Field of the Invention
The present invention relates to the oil industry, and more particularly, to the exploitation of underground reservoirs, such as oil reservoirs or gas storage sites. In particular, the invention pertains to modification of representations of the reservoir, called reservoir models, to make them consistent with the various data collected in the field.
Description of the Prior Art
Optimizing and exploiting an oil deposit rely on a description that is as accurate as possible of the structure, of the petrophysical properties, of the fluid properties, etc., of the deposit being studied. For this, the experts use a computer tool which makes it possible to give an account of these aspects in an approximate manner known as the reservoir model. Such a model constitutes an experimental model of the subsoil, representative both of its structure and of its behavior. Generally, this type of experimental model is represented on a computer, and it is then called a numerical model. A reservoir model comprises a meshing or grid, generally three-dimensional, associated with one or more maps of petrophysical properties (facies, porosity, permeability, saturation, etc). The association assigns values of these petrophysical properties to each of the mesh cells of the grid.
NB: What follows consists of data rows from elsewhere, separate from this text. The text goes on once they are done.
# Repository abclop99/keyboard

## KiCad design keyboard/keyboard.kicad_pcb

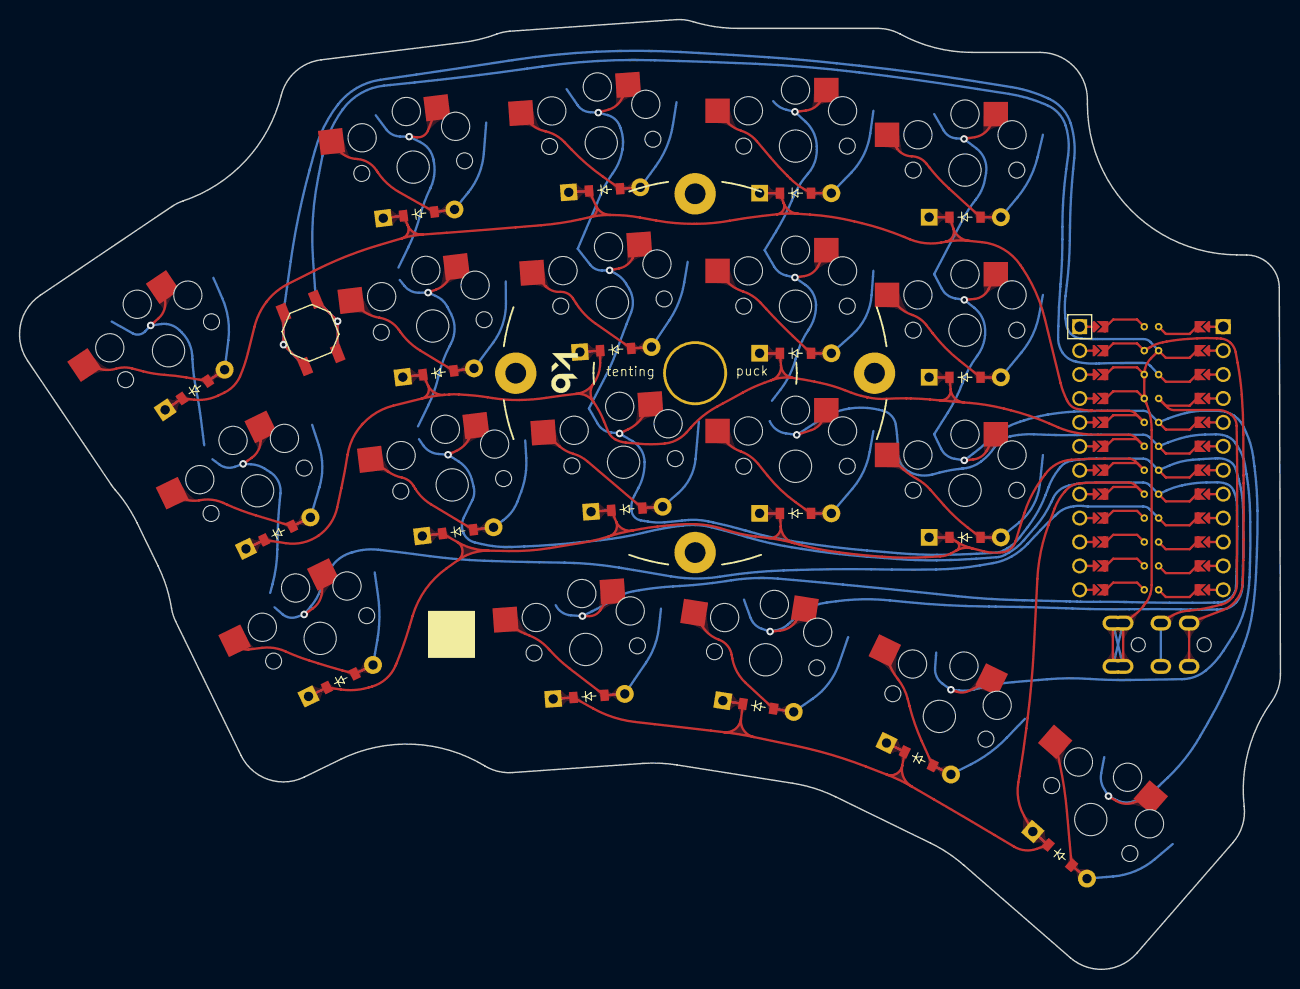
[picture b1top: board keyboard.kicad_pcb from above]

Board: 2 copper layers, 133.9 x 100.9 mm, 42 parts (0 on the bottom side), 32 nets.

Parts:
B1, B2: SW_TACT_ALPS_SKQGABE010
D1, D2, D3, D4, D5, D6, D7, D8, D9, D10, D11, D12, D13, D14, D15, D16, D17, D18, D19: ComboDiode
S1, S2, S3, S4, S5, S6, S7, S8, S9, S10, S11, S12, S13, S14, S15, S16, S17, S18, S19: PG1350
TRRS1: TRRS-PJ-320A-dual
_1: ProMicro

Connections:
B1: S1.1, S2.1, S3.1, _1.9
C6: D16.1, D17.1, D18.1, D19.1, _1.17
D0: D2.1, D5.1, D8.1, D11.1, D14.1, _1.19
D1: D3.1, D6.1, D9.1, D12.1, D15.1, _1.20
D2: TRRS1.4, _1.23
D4: D1.1, D4.1, D7.1, D10.1, D13.1, _1.18
F4: S13.1, S14.1, S15.1, S19.1, _1.5
F5: S10.1, S11.1, S12.1, S18.1, _1.6
F6: S7.1, S8.1, S9.1, S17.1, _1.7
F7: S4.1, S5.1, S6.1, S16.1, _1.8
GND: B1.1, B2.1, TRRS1.1, TRRS1.2, _1.2, _1.21, _1.22
RST: B1.2, B2.2, _1.3
VCC: TRRS1.3, _1.4
extra_tucky_thumb: D16.2, S16.2
far_bottom: D13.2, S13.2
far_home: D14.2, S14.2
far_top: D15.2, S15.2
index_bottom: D10.2, S10.2
index_home: D11.2, S11.2
index_top: D12.2, S12.2
middle_bottom: D7.2, S7.2
middle_home: D8.2, S8.2
middle_top: D9.2, S9.2
pinkie_bottom: D1.2, S1.2
pinkie_home: D2.2, S2.2
pinkie_top: D3.2, S3.2
reachy_thumb: D19.2, S19.2
resty_thumb: D18.2, S18.2
ring_bottom: D4.2, S4.2
ring_home: D5.2, S5.2
ring_top: D6.2, S6.2
tucky_thumb: D17.2, S17.2

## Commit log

2024-04-07 Add layout config
2024-04-07 Add a scanned image of the WIP layout
2024-04-07 Add package-lock and keycaps.blend
2024-04-07 Swap to promicro_pretty
2024-04-08 Add the pcb stuff???
2024-04-08 Fix wrong connections
2024-04-08 Route top row non-pinkie
2024-04-08 Route non-pinkie home row
2024-04-08 Clean up some stuff
2024-04-08 Connect the rest of the stuff
2024-04-08 Fix some things
2024-04-08 Add teardrops
2024-04-08 Tent puck and some cleanup
2024-04-08 Fix a few issues
    A clearance issue, and the reset pads on the opposite sides not
    connected to each other.
2024-04-09 Add rounded version with JLC order number placeholder
2024-08-09 Remake keyboard
    It seems like there is some problem with the kicad project now
2024-08-09 Fix kicad project
2024-08-09 Fix reset button orientation
    For easier and prettier routing
2024-08-10 Add connections on PCB
2024-08-10 Add a rounded version
2024-08-10 Fix some DRC issues in rounded PCB
2024-08-11 Fix a wrong connection on MCU, rewire PCB
2024-08-12 Re-route traces a to look more organic
2024-08-16 Add an extra thumb key (extra tucky)
2024-08-17 Fill in unfilled zone, tweak curve
2024-08-18 Add tenting puck, reroute traces around
2024-09-01 Change JLC order number position to barcode position
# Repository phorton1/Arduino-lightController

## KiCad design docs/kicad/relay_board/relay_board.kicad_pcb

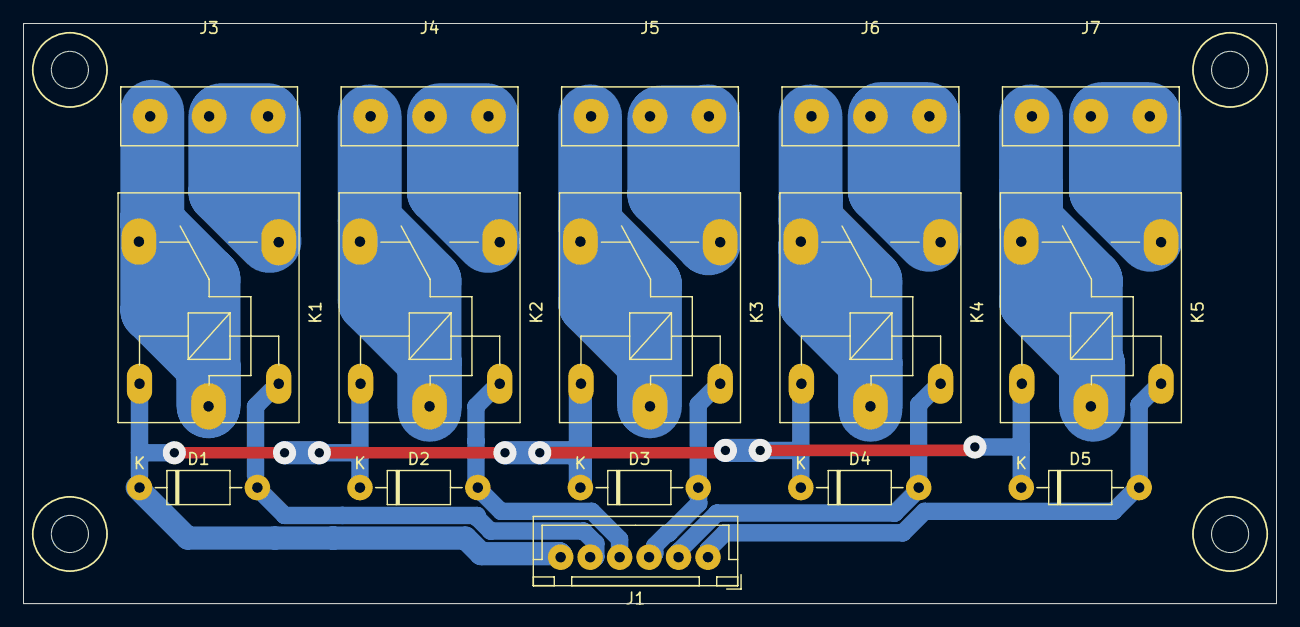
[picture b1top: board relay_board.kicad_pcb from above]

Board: 2 copper layers, 108.0 x 50.0 mm, 16 parts (0 on the bottom side), 16 nets.

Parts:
D1, D2, D3, D4, D5: 1N4001; D_DO-41_SOD81_P10.16mm_Horizontal
J1: RELAYS; myJSTx06
J3: CONN1; Phoenix5.08x3
J4: CONN2; Phoenix5.08x3
J5: CONN3; Phoenix5.08x3
J6: CONN4; Phoenix5.08x3
J7: CONN5; Phoenix5.08x3
K1, K2, K3, K4, K5: myRelay; myRelay2

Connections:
+5V: D1.1, D2.1, D3.1, D4.1, D5.1, J1.6, K1.1, K2.1, K3.1, K4.1, K5.1
unnamed: J3.1, K1.3, K1.4
unnamed: J3.2, J3.3, K1.5
unnamed: J4.1, K2.3, K2.4
unnamed: J4.2, J4.3, K2.5
unnamed: J5.1, K3.3, K3.4
unnamed: J5.2, J5.3, K3.5
unnamed: J6.1, K4.3, K4.4
unnamed: J6.2, J6.3, K4.5
unnamed: J7.1, K5.3, K5.4
unnamed: J7.2, J7.3, K5.5
RELAY1: D1.2, J1.5, K1.2
RELAY2: D2.2, J1.4, K2.2
RELAY3: D3.2, J1.3, K3.2
RELAY4: D4.2, J1.2, K4.2
RELAY5: D5.2, J1.1, K5.2

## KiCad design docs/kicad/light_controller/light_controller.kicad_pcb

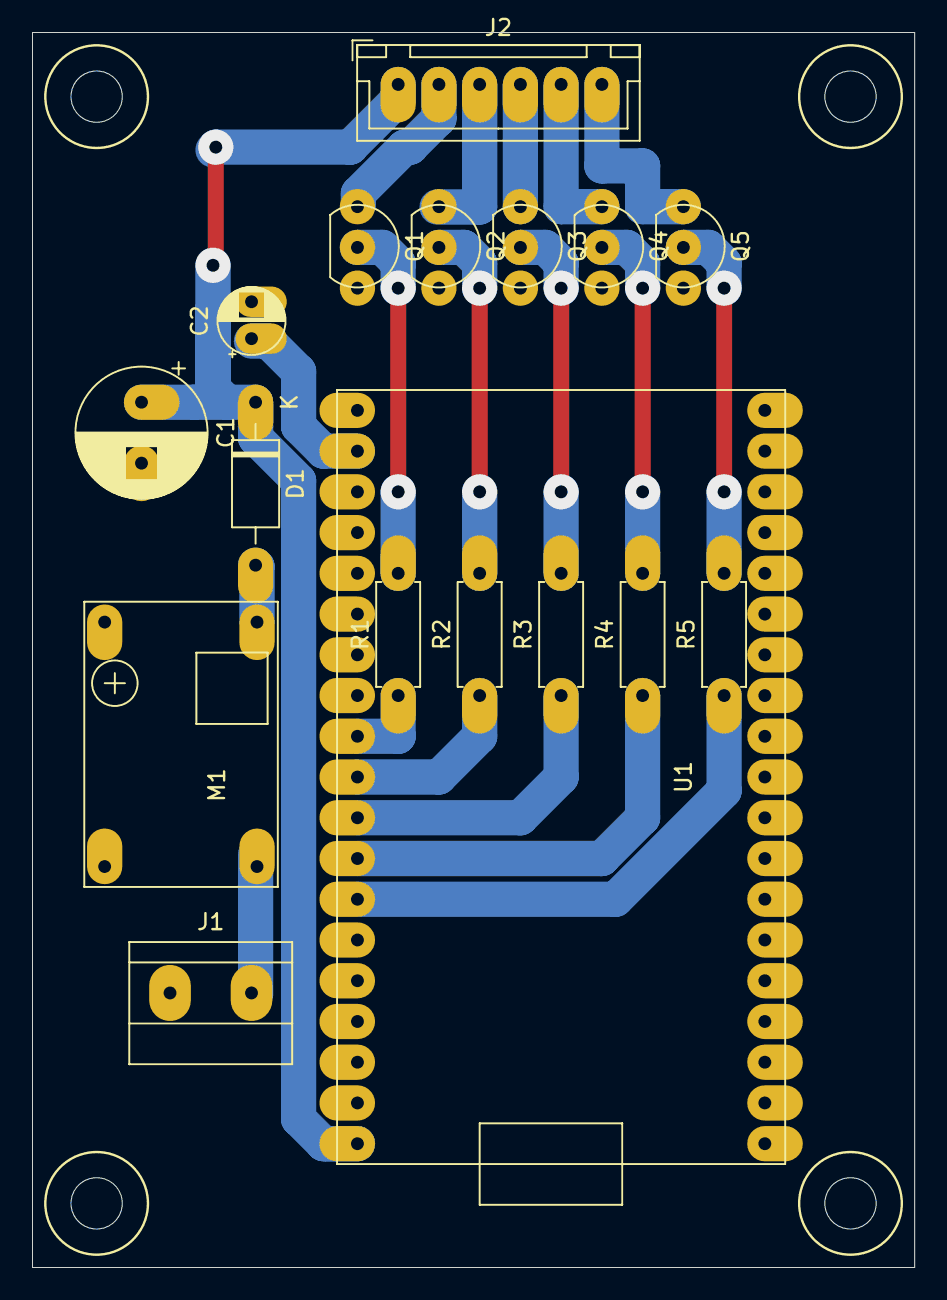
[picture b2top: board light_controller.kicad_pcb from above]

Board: 2 copper layers, 55.0 x 77.0 mm, 17 parts (0 on the bottom side), 20 nets.

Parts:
C1: 100uf; CP_my100uf
C2: 4.7uf; CP_my10uf
D1: 1N4001; D_DO-41_SOD81_P10.16mm_Horizontal
J1: POWER; myTerminalBlock_5.08x02
J2: Conn_01x06; myJSTx06
M1: BUCK01; buck-mini360
Q1, Q2, Q3, Q4, Q5: BC549; myTransistor
R1, R2, R3, R4, R5: 1K; resistor
U1: ESP32_DEV; esp32_dev

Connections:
+5V: C1.1, D1.1, J2.1, U1.1
CONTROL1: R1.1, U1.11
CONTROL2: R2.1, U1.10
CONTROL3: R3.1, U1.9
CONTROL4: R4.1, U1.8
CONTROL5: R5.1, U1.7
GND: C1.2, C2.2, J1.1, M1.1, M1.2, Q1.3, Q2.3, Q3.3, Q4.3, Q5.3, U1.6, U1.20, U1.26
unnamed: C2.1, U1.18
unnamed: D1.2, M1.3
unnamed: J1.2, M1.4
unnamed: Q1.2, R1.2
unnamed: Q2.2, R2.2
unnamed: Q3.2, R3.2
unnamed: Q4.2, R4.2
unnamed: Q5.2, R5.2
RELAY1: J2.2, Q1.1
RELAY2: J2.3, Q2.1
RELAY3: J2.4, Q3.1
RELAY4: J2.5, Q4.1
RELAY5: J2.6, Q5.1

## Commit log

2025-07-01 added Arduino-lightController repo
2025-07-10 Create relay and light controller PCB's; test
2025-07-29 added potential water level monitoring schematic to light controller
2025-12-15 submodule(data) auto_commit(b649fc3a) iotChart.js - added scheme for setting device specific series colors
2025-12-18 submodule(data) auto_commit(1adaeb45) reworked iotChart.js incremental update scheme starting with Arduino-boat-drainPump
2025-12-18 submodule(data) auto_commit(b6ac0c88) starting in Arduino-boat-arirco, major rework of iotChart.js and how charts are implemented - use common chart.html instead of specific/extra_data/device_chart.h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
2025-12-18 submodule(data) auto_commit(1efc7b72) rework iotChart.js::determineNumberTicks() starting with drain_pump
2025-12-18 submodule(data) auto_commit(78894e93) change onChartResize() to use create_chart() instead of built in jqplot.replot()
2025-12-18 submodule(data) auto_commit(40916b0c) separate iotChart.js doChart() as init only method from onXXX() UI methods - yet another rework of iotChart.js and myIOTDataLog starting with fridgeController
2025-12-18 submodule(data) auto_commit(b923e44d) back to static html for chart.html; got rid of myIOTDataLog::getChartHtml() starting with tempController
2025-12-18 submodule(data) auto_commit(a4e2ed81) change chart.html and iotChart.js to use and remove style "degree_hidden" for devices that chart things with degrees
2025-12-18 submodule(data) auto_commit(a9754dbc) fixed renamed control _degree_type
2025-12-18 submodule(data) auto_commit(03555741) fix malformed chart.html <select id='_chart_period'> text
2025-12-19 submodule(data) auto_commit(1cb3d61a) add onChartResize() back to chart.html
2025-12-19 submodule(data) auto_commit(253976a9) more changes to iotChart.js starting with tempController so at least refresh works *well* if no zooming involved
2025-12-19 commit parents
2025-12-20 submodule(data) auto_commit(eccd1fcc) iotChart.js - added save/restore of series visibility and refactored code
2025-12-31 submodule(data) auto_commit(2a8db875) add degree_type to myIOT chart_header for use in initializing iotChart.js
2026-02-22 submodule(data) auto_commit(37a6a76c) added framework for chart.html to pass "data_name" to allow multiple charts per device; ALSO store most recent chart period in browser storage
2026-03-04 submodule(data) auto_commit(75bcbcb5) iotChart.js - added smaller (UINT8, CENTIGRADE8, UINT8x10) iotDataLog LOG_TYPES and updated client ctors
2026-03-04 submodule(data) auto_commit(d6f02205) added myIotTempSensor "raw" accessors & used to shrink fridgeController.dataLog file size; got rid of FAKE_COMPRESSOR
2026-03-05 added "boat" to the myIOTDevice advertised SSDP device URL
2026-03-05 submodule(data) auto_commit(ecc76888) update myIOT data submodule readme.md to remove forward references to actual implmented device repos
2026-03-07 submodule(data) auto_commit(5dbe3136) Save chart visibility and zorders in locsl storage
2026-04-04 submodule(data) auto_commit(a0279fca) New iotChart tooltips and dataLog record maintenance feature.
2026-04-04 submodule(data) auto_commit(de0689cf) disable Scan/Delete endpoints and just View data records for devices that have graphs, but no SD card
2026-06-28 submodule(data) auto_commit(eadab9ea) added myIOTDataLog type LOG_COL_TYPE_INT16_10 to support volts (fridgeController)

These models, which are well known and widely used in the oil industry, make possible determination of numerous technical parameters relating to the study or exploitation of a reservoir, of hydrocarbons for example. In practice, since the reservoir model is representative of the structure of the reservoir and of its behavior, the engineer uses it for example to determine the areas which are most likely to contain hydrocarbons, the areas in which it may be advantageous/necessary to drill an injection or production well to improve the recovery of the hydrocarbons, the type of tools to be used, the properties of the fluids used and recovered, and so on. These interpretations of reservoir models in terms of “exploitation technical parameters” are well known to the experts. Similarly, the modeling of CO2 storage sites makes it possible to monitor these sites, detect unexpected behaviors and predict the displacement of the injected CO2.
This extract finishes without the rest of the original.